I had a Canon Pixma ip5000 back in the day that had ink cartridges with no electronics in them. For ink level sensing there was an LED and photodiode built into the carriage that the cartridges went into, in the printer itself. Not in the cartridges. They were transparent plastic, so the machine could just shine through and determine when ink was running low. For its usage gauge, it just calculated it based on print output vs. the volume of a new cartridge, assuming you put a full cartridge into it when you told it so. Yes, this meant you could also fool it by telling it you'd installed a new cartridge when you hadn't, but it would still figure it out right away if you put a truly empty one in.
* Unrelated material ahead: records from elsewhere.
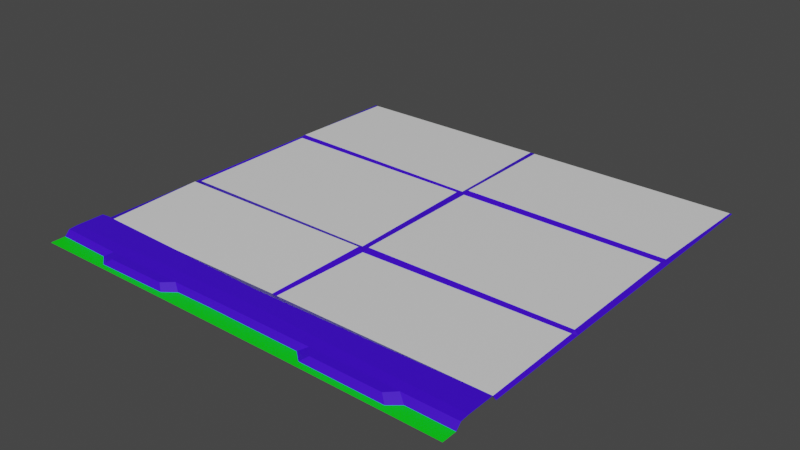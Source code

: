 # Source: road7.blend  (saved by Blender 3.6.11; exported with 4.5.12 LTS)
import bpy
from mathutils import Matrix  # noqa: F401  (used for matrix-valued properties, if any)

bpy.ops.wm.read_factory_settings(use_empty=True)
scene = bpy.context.scene
scene.name = 'Scene'

# ---- materials (node trees are filled in below, after node groups)
mat_material_001 = bpy.data.materials.new('Material.001')
mat_material_001.use_transparent_shadow = False
mat_material_002 = bpy.data.materials.new('Material.002')
mat_material_002.use_transparent_shadow = False
mat_material_003 = bpy.data.materials.new('Material.003')
mat_material_003.use_transparent_shadow = False

# ---- material node trees
mat_material_001.use_nodes = True; mat_material_001.node_tree.nodes.clear()
_N = mat_material_001.node_tree.nodes; _L = mat_material_001.node_tree.links
n0 = _N.new('ShaderNodeBsdfPrincipled'); n0.name = 'Principled BSDF'; n0.location = (10, 300)
n0.distribution = 'GGX'
n0.subsurface_method = 'RANDOM_WALK_SKIN'
n0.inputs[0].default_value = (0.05015, 0.0, 0.8, 1.0)
n0.inputs[3].default_value = 1.45
n0.inputs[27].default_value = (0.0, 0.0, 0.0, 1.0)
n0.inputs[28].default_value = 1.0
n1 = _N.new('ShaderNodeOutputMaterial'); n1.name = 'Material Output'; n1.location = (300, 300)
_L.new(n0.outputs[0], n1.inputs[0])
n1.is_active_output = True
mat_material_002.use_nodes = True; mat_material_002.node_tree.nodes.clear()
_N = mat_material_002.node_tree.nodes; _L = mat_material_002.node_tree.links
n0 = _N.new('ShaderNodeBsdfPrincipled'); n0.name = 'Principled BSDF'; n0.location = (10, 300)
n0.distribution = 'GGX'
n0.subsurface_method = 'RANDOM_WALK_SKIN'
n0.inputs[0].default_value = (0.0, 0.8, 0.00407, 1.0)
n0.inputs[3].default_value = 1.45
n0.inputs[27].default_value = (0.0, 0.0, 0.0, 1.0)
n0.inputs[28].default_value = 1.0
n1 = _N.new('ShaderNodeOutputMaterial'); n1.name = 'Material Output'; n1.location = (300, 300)
_L.new(n0.outputs[0], n1.inputs[0])
n1.is_active_output = True
mat_material_003.use_nodes = True; mat_material_003.node_tree.nodes.clear()
_N = mat_material_003.node_tree.nodes; _L = mat_material_003.node_tree.links
n0 = _N.new('ShaderNodeBsdfPrincipled'); n0.name = 'Principled BSDF'; n0.location = (10, 300)
n0.distribution = 'GGX'
n0.subsurface_method = 'RANDOM_WALK_SKIN'
n0.inputs[3].default_value = 1.45
n0.inputs[27].default_value = (0.0, 0.0, 0.0, 1.0)
n0.inputs[28].default_value = 1.0
n1 = _N.new('ShaderNodeOutputMaterial'); n1.name = 'Material Output'; n1.location = (300, 300)
_L.new(n0.outputs[0], n1.inputs[0])
n1.is_active_output = True

# ---- world
world_world = bpy.data.worlds.new('World'); scene.world = world_world
world_world.use_nodes = True; world_world.node_tree.nodes.clear()
_N = world_world.node_tree.nodes; _L = world_world.node_tree.links
n0 = _N.new('ShaderNodeOutputWorld'); n0.name = 'World Output'; n0.location = (300, 300)
n1 = _N.new('ShaderNodeBackground'); n1.name = 'Background'; n1.location = (10, 300)
n1.inputs[0].default_value = (0.05088, 0.05088, 0.05088, 1.0)
_L.new(n1.outputs[0], n0.inputs[0])
n0.is_active_output = True
world_world.color = (0.05088, 0.05088, 0.05088)
world_world.use_sun_shadow = False
world_world.sun_shadow_jitter_overblur = 0.0

# ---- meshes
me_mesh = bpy.data.meshes.new('Mesh')
me_mesh.from_pydata([(500.0, 1.118e-06, -0.001526), (500.0, -7.451e-07, -500.0), (0.0007629, 1.118e-06, -0.001526), (0.0007629, -7.451e-07, -500.0), (500.0, 6.97, -33.01), (0.0007629, 6.97, -33.01), (500.0, 6.97, -64.44), (0.0007629, 6.97, -64.44), (500.0, 6.184, -22.85), (0.0007629, 6.184, -22.85), (500.0, -7.451e-07, -69.51), (0.0007629, -7.451e-07, -69.51), (0.0007629, 7.451e-07, -16.89), (500.0, 7.451e-07, -16.89), (500.0, -7.451e-07, -361.1), (0.0007629, -7.451e-07, -361.1), (218.6, 7.451e-07, -18.15), (251.5, 6.184, -22.65), (251.5, 6.97, -38.43), (237.9, 6.97, -59.28), (250.0, -7.451e-07, -71.87), (252.9, -7.451e-07, -356.0), (254.6, 3.421, -361.9), (250.0, -7.451e-07, -500.0), (244.0, -7.451e-07, -71.87), (244.1, 1.08, -354.3), (246.9, -7.451e-07, -361.4), (244.0, -7.451e-07, -500.0), (497.4, -7.451e-07, -500.0), (493.4, -7.451e-07, -365.5), (492.3, -7.451e-07, -356.2), (496.2, 1.919, -69.58), (494.5, 6.97, -64.44), (494.5, 6.97, -33.01), (494.5, 6.184, -22.85), (494.5, 7.451e-07, -16.89), (3.36, -7.451e-07, -500.0), (3.36, 2.437, -363.8), (3.36, -7.451e-07, -358.4), (5.515, -7.451e-07, -69.51), (8.166, 6.97, -65.54), (5.916, 6.97, -33.01), (5.916, 6.184, -22.85), (5.916, 7.451e-07, -16.89), (74.62, 6.184, -21.1), (64.54, 7.451e-07, -15.98), (439.1, 6.184, -22.9), (448.2, 7.451e-07, -17.24), (0.0007629, -7.451e-07, -192.3), (4.282, -7.451e-07, -195.5), (247.6, 0.618, -194.2), (255.1, 1.531, -195.1), (494.5, 2.353, -195.2), (500.0, -7.451e-07, -192.3), (4.364, 2.835, -186.1), (247.9, 2.95, -187.8), (255.3, -7.451e-07, -185.9), (494.7, 0.8947, -190.1), (167.0, 6.184, -21.94), (175.1, 7.451e-07, -17.41), (339.0, 6.184, -22.76), (328.9, 7.451e-07, -17.69), (348.9, 6.184, -12.73), (340.8, 7.451e-07, -7.662), (436.3, 7.451e-07, -7.218), (429.0, 6.184, -12.87), (85.21, 6.184, -11.07), (77.49, 7.451e-07, -5.955), (162.1, 7.451e-07, -7.382), (156.0, 6.184, -11.92), (328.9, 7.451e-07, -0.8553), (175.1, 7.451e-07, -0.5753)], [], [(40, 41, 18, 19), (39, 40, 19, 24), (41, 42, 44, 18), (37, 38, 25, 26), (58, 59, 16, 17), (36, 37, 26, 27), (38, 49, 50, 25), (0, 13, 35), (34, 35, 13, 8), (33, 34, 8, 4), (32, 33, 4, 6), (31, 32, 6, 10), (30, 52, 53, 14), (29, 30, 14), (28, 29, 14, 1), (24, 19, 20), (25, 50, 51, 21), (26, 21, 22), (27, 26, 22, 23), (23, 22, 29, 28), (22, 21, 30, 29), (21, 51, 52, 30), (20, 19, 32, 31), (19, 18, 33, 32), (18, 46, 34, 33), (46, 47, 35, 34), (0, 35, 47), (15, 37, 36, 3), (15, 38, 37), (48, 49, 38, 15), (7, 40, 39, 11), (5, 41, 40, 7), (9, 42, 41, 5), (12, 43, 42, 9), (2, 43, 12), (26, 25, 21), (42, 43, 45, 44), (62, 63, 64, 65), (2, 45, 43), (18, 44, 58, 17), (18, 17, 60, 46), (48, 54, 49), (50, 49, 54, 55), (51, 50, 55, 56), (52, 51, 56, 57), (53, 52, 57), (11, 39, 54, 48), (55, 54, 39, 24), (56, 55, 24, 20), (57, 56, 20, 31), (53, 57, 31, 10), (66, 67, 68, 69), (17, 16, 61, 60), (60, 61, 63, 62), (47, 46, 65, 64), (46, 60, 62, 65), (44, 45, 67, 66), (59, 58, 69, 68), (58, 44, 66, 69), (59, 68, 16), (61, 16, 63), (16, 68, 63), (47, 64, 0), (45, 2, 67), (64, 63, 70, 0), (68, 67, 2, 71), (63, 68, 71, 70)])
me_mesh.polygons.foreach_set('use_smooth', [True] * 67)
me_mesh.polygons.foreach_set('material_index', [0, 0, 0, 0, 0, 2, 2, 1, 0, 0, 0, 0, 0, 0, 0, 0, 0, 0, 0, 2, 0, 2, 0, 0, 0, 0, 1, 0, 0, 0, 0, 0, 0, 0, 1, 0, 0, 0, 1, 0, 0, 0, 0, 0, 0, 0, 0, 2, 0, 2, 0, 0, 0, 0, 0, 0, 0, 0, 0, 1, 1, 1, 1, 1, 1, 1, 1])
_k = set([(4, 33), (5, 41), (6, 32), (7, 40), (8, 34), (9, 42), (10, 31), (11, 39), (12, 43), (13, 35), (14, 30), (15, 37), (15, 38), (16, 17), (16, 59), (16, 61), (17, 58), (17, 60), (18, 33), (18, 41), (18, 46), (19, 20), (19, 24), (19, 32), (19, 40), (20, 24), (20, 31), (20, 56), (21, 22), (21, 25), (21, 26), (21, 30), (21, 51), (22, 23), (22, 26), (22, 29), (24, 39), (24, 55), (25, 26), (25, 38), (26, 27), (26, 37), (28, 29), (29, 30), (30, 52), (31, 32), (31, 57), (34, 35), (34, 46), (35, 47), (36, 37), (37, 38), (39, 40), (39, 54), (41, 42), (42, 43), (42, 44), (43, 45), (44, 45), (44, 58), (44, 66), (45, 67), (46, 47), (46, 60), (46, 65), (47, 64), (48, 49), (48, 54), (49, 50), (49, 54), (50, 51), (50, 55), (51, 52), (51, 56), (52, 53), (52, 57), (53, 57), (54, 55), (55, 56), (56, 57), (58, 59), (58, 69), (59, 68), (60, 61), (60, 62), (61, 63), (62, 63), (62, 65), (63, 64), (64, 65), (66, 67), (66, 69), (67, 68), (68, 69)])
me_mesh.attributes.new('sharp_edge', 'BOOLEAN', 'EDGE').data.foreach_set('value', [ (min(e.vertices), max(e.vertices)) in _k for e in me_mesh.edges])
_uv = me_mesh.uv_layers.new(name='map1')
_uv.uv.foreach_set('vector', [0.1017, 0.279, 0.1017, 0.279, 0.1017, 0.279, 0.1017, 0.279, 0.1017, 0.279, 0.1017, 0.279, 0.1017, 0.279, 0.1017, 0.279, 0.1005, 0.2781, 0.1005, 0.2781, 0.1005, 0.2781, 0.1005, 0.2781, 0.1022, 0.2708, 0.1022, 0.2708, 0.1022, 0.2708, 0.1022, 0.2708, 0.1017, 0.279, 0.1017, 0.279, 0.1017, 0.279, 0.1017, 0.279, 0.1018, 0.2991, 0.1018, 0.2991, 0.1018, 0.2991, 0.1018, 0.2991, 0.1018, 0.2991, 0.1018, 0.2991, 0.1018, 0.2991, 0.1018, 0.2991, 0.06409, 0.2095, 0.06409, 0.2095, 0.06409, 0.2095, 0.102, 0.2507, 0.102, 0.2507, 0.102, 0.2507, 0.102, 0.2507, 0.1008, 0.2542, 0.1008, 0.2542, 0.1008, 0.2542, 0.1008, 0.2542, 0.102, 0.2507, 0.102, 0.2507, 0.102, 0.2507, 0.102, 0.2507, 0.102, 0.2507, 0.102, 0.2507, 0.102, 0.2507, 0.102, 0.2507, 0.1022, 0.2708, 0.1022, 0.2708, 0.1022, 0.2708, 0.1022, 0.2708, 0.1022, 0.2708, 0.1022, 0.2708, 0.1022, 0.2708, 0.1022, 0.2708, 0.1022, 0.2708, 0.1022, 0.2708, 0.1022, 0.2708, 0.102, 0.2732, 0.102, 0.2732, 0.102, 0.2732, 0.1022, 0.2708, 0.1022, 0.2708, 0.1022, 0.2708, 0.1022, 0.2708, 0.1022, 0.2708, 0.1022, 0.2708, 0.1022, 0.2708, 0.1022, 0.2708, 0.1022, 0.2708, 0.1022, 0.2708, 0.1022, 0.2708, 0.1018, 0.2991, 0.1018, 0.2991, 0.1018, 0.2991, 0.1018, 0.2991, 0.1022, 0.2708, 0.1022, 0.2708, 0.1022, 0.2708, 0.1022, 0.2708, 0.1018, 0.2991, 0.1018, 0.2991, 0.1018, 0.2991, 0.1018, 0.2991, 0.1017, 0.279, 0.1017, 0.279, 0.1017, 0.279, 0.1017, 0.279, 0.1017, 0.279, 0.1017, 0.279, 0.1017, 0.279, 0.1017, 0.279, 0.1005, 0.2781, 0.1005, 0.2781, 0.1005, 0.2781, 0.1005, 0.2781, 0.1017, 0.279, 0.1017, 0.279, 0.1017, 0.279, 0.1017, 0.279, 0.06409, 0.2095, 0.06409, 0.2095, 0.06409, 0.2095, 0.1022, 0.2708, 0.1022, 0.2708, 0.1022, 0.2708, 0.1022, 0.2708, 0.1022, 0.2708, 0.1022, 0.2708, 0.1022, 0.2708, 0.1022, 0.2708, 0.1022, 0.2708, 0.1022, 0.2708, 0.1022, 0.2708, 0.102, 0.2507, 0.102, 0.2507, 0.102, 0.2507, 0.102, 0.2507, 0.102, 0.2507, 0.102, 0.2507, 0.102, 0.2507, 0.102, 0.2507, 0.1008, 0.2542, 0.1008, 0.2542, 0.1008, 0.2542, 0.1008, 0.2542, 0.102, 0.2507, 0.102, 0.2507, 0.102, 0.2507, 0.102, 0.2507, 0.06409, 0.2095, 0.06409, 0.2095, 0.06409, 0.2095, 0.1022, 0.2708, 0.1022, 0.2708, 0.1022, 0.2708, 0.1017, 0.279, 0.1017, 0.279, 0.1017, 0.279, 0.1017, 0.279, 0.1017, 0.279, 0.1017, 0.279, 0.1017, 0.279, 0.1017, 0.279, 0.06409, 0.2095, 0.06409, 0.2095, 0.06409, 0.2095, 0.1005, 0.2781, 0.1005, 0.2781, 0.1005, 0.2781, 0.1005, 0.2781, 0.1005, 0.2781, 0.1005, 0.2781, 0.1005, 0.2781, 0.1005, 0.2781, 0.1013, 0.2771, 0.1013, 0.2771, 0.1013, 0.2771, 0.1013, 0.2771, 0.1013, 0.2771, 0.1013, 0.2771, 0.1013, 0.2771, 0.1013, 0.2771, 0.1013, 0.2771, 0.1013, 0.2771, 0.1013, 0.2771, 0.1013, 0.2771, 0.1013, 0.2771, 0.1013, 0.2771, 0.1013, 0.2771, 0.1013, 0.2771, 0.1013, 0.2771, 0.1013, 0.2771, 0.1022, 0.2708, 0.1022, 0.2708, 0.1022, 0.2708, 0.1022, 0.2708, 0.1018, 0.2991, 0.1018, 0.2991, 0.1018, 0.2991, 0.1018, 0.2991, 0.1022, 0.2708, 0.1022, 0.2708, 0.1022, 0.2708, 0.1022, 0.2708, 0.1018, 0.2991, 0.1018, 0.2991, 0.1018, 0.2991, 0.1018, 0.2991, 0.1022, 0.2708, 0.1022, 0.2708, 0.1022, 0.2708, 0.1022, 0.2708, 0.1017, 0.279, 0.1017, 0.279, 0.1017, 0.279, 0.1017, 0.279, 0.1017, 0.279, 0.1017, 0.279, 0.1017, 0.279, 0.1017, 0.279, 0.1017, 0.279, 0.1017, 0.279, 0.1017, 0.279, 0.1017, 0.279, 0.1017, 0.279, 0.1017, 0.279, 0.1017, 0.279, 0.1017, 0.279, 0.1017, 0.279, 0.1017, 0.279, 0.1017, 0.279, 0.1017, 0.279, 0.1017, 0.279, 0.1017, 0.279, 0.1017, 0.279, 0.1017, 0.279, 0.1017, 0.279, 0.1017, 0.279, 0.1017, 0.279, 0.1017, 0.279, 0.1017, 0.279, 0.1017, 0.279, 0.1017, 0.279, 0.1017, 0.279, 0.06409, 0.2095, 0.06409, 0.2095, 0.06409, 0.2095, 0.06409, 0.2095, 0.06409, 0.2095, 0.06409, 0.2095, 0.06409, 0.2095, 0.06409, 0.2095, 0.06409, 0.2095, 0.06409, 0.2095, 0.06409, 0.2095, 0.06409, 0.2095, 0.06409, 0.2095, 0.06409, 0.2095, 0.06409, 0.2095, 0.06409, 0.2095, 0.06409, 0.2095, 0.06409, 0.2095, 0.06409, 0.2095, 0.06409, 0.2095, 0.06409, 0.2095, 0.06409, 0.2095, 0.06409, 0.2095, 0.06409, 0.2095, 0.06409, 0.2095, 0.06409, 0.2095, 0.06409, 0.2095])
me_mesh.materials.append(mat_material_001)
me_mesh.materials.append(mat_material_002)
me_mesh.materials.append(mat_material_003)
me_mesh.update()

And this worked just fine. No problems at all with that system. I used and abused that printer for years, doing volume printing for work with it (it could do 8.5x11 borderless!) until it just plain wore out. Probably after hundreds of thousands of pages.
So no, I really don't think having chips running arbitrary code in a goddamn ink cartridge is actually necessary in any way.
Crazy idea here: How about not monitoring the ink at all?
Why does the printer need to know? It's not like it's going to explode from not having fresh ink anyway. Just put the ink in a visible container where the user can look and see if it being empty is the cause of a shitty print.
I'd buy any printer that doesn't attempt to monitor the ink.
I aspire to be a bad investment for every company
I do not want to be measured as an investment but as a customer.
I dont want to be measured as a customer either. I want to fall under the 'T' part of their SWOT analysis.
I'm not really on Reddit much anymore but every time an article would get posted about how Redditors were the least valuable social media users for advertising purposes I was always like "Fuck yeah."
"We have seen that you can embed viruses into cartridges, through the cartridge go to the printer, from the printer go to the network, so it can create many more problems for customers."
If the cartidges didn't have drm chips you wouldn't have anything to load with malware to begin with.
We have seen that you can embed viruses into cartridges, through the cartridge go to the printer, from the printer go to the network
Hey dipshits, this is possible because you built firmware into your printer cartridges to prevent 3rd party cartridges in the first place
Headline should have been "HP CEO admits company's products are platform for malware attacks."
Buying HP products is bad investment.
I only had the chance to two of their inkjet printers and one of their office laser printers, plus an elitebook laptop. In short, all of them suck.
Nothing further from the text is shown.